On Friday, a Chinese official declared to the United Nations General Assembly that it was “highly necessary and pressing for the international community to jointly bring about an international code of conduct on cyberspace at an early date.”
The demand from Wang Qun, director-general of the Arms Control Department of the Chinese Foreign Ministry, was reported by China’s state-run Xinhua news service.
According to Xinhua, Wang’s idea for a code of conduct would “resolve international disputes in this field by peaceful means and ensure that the cyberspace can only be utilized for activities for the maintenance of international peace and security.”

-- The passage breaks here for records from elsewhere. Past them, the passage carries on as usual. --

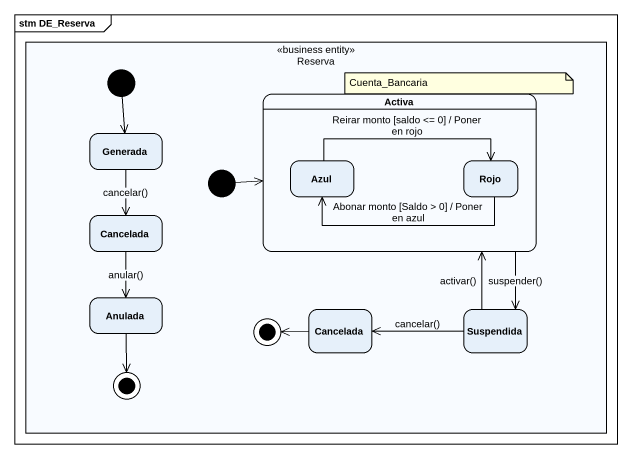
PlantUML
@startuml
mainframe stm DE_Reserva
hide empty description
state Reserva <<business entity>> {
  state initial1 <<start>>
  state Activa {
    state Azul
    state Rojo
  }
  state Generada
  state initial2 <<start>>
  state Cancelada
  state Anulada
  state final1 <<end>>
  state "Cancelada" as Cancelada_2
  state Suspendida
  state final2 <<end>>
}
initial1 --> Generada
Activa --> Suspendida : suspender()
Generada --> Cancelada : cancelar()
initial2 -right-> Activa
Azul -right-> Rojo : Reirar monto [saldo <= 0] / Poner en rojo
Rojo -left-> Azul : Abonar monto [Saldo > 0] / Poner en azul
Cancelada --> Anulada : anular()
Anulada --> final2
Cancelada_2 -left-> final1
Suspendida -up-> Activa : activar()
Suspendida -left-> Cancelada_2 : cancelar()
note as N1
  Cuenta_Bancaria
end note
@enduml

He added that “cyberspace should not be used as a means to interfere in the internal affairs of other states or to the detriment of their national interests.”
Wang is demanding global Internet censorship under the control of authoritarian regimes like Beijing, which of course would have some very strict ideas about what sort of speech fails to meet that “maintenance of international peace and security” standard.
What kind of dissident rhetoric would authoritarians allow, if they could block everything that might “interfere in their internal affairs” or work to the detriment of their national interests?
Wang thought the United Nations’ reports on information security supported this call for a global code of conduct, which he saw as the next stage in achieving a “peaceful, secure, open and cooperative cyberspace.”
China came out of its presidential visit to Washington with nothing but the lightest rhetorical slap on the wrist for its cyber-espionage activities, including the Office of Personnel Management hack, a direct attack on the U.S. government that stands as the most severe data breach in the Internet’s short history. Now they are pushing full steam ahead with Internet controls and censorship. Releasing control of Internet domains to a foreign body, as President Obama wishes to do, is madness. Too much of the rest of the world agrees that “free and open” means censored and controlled.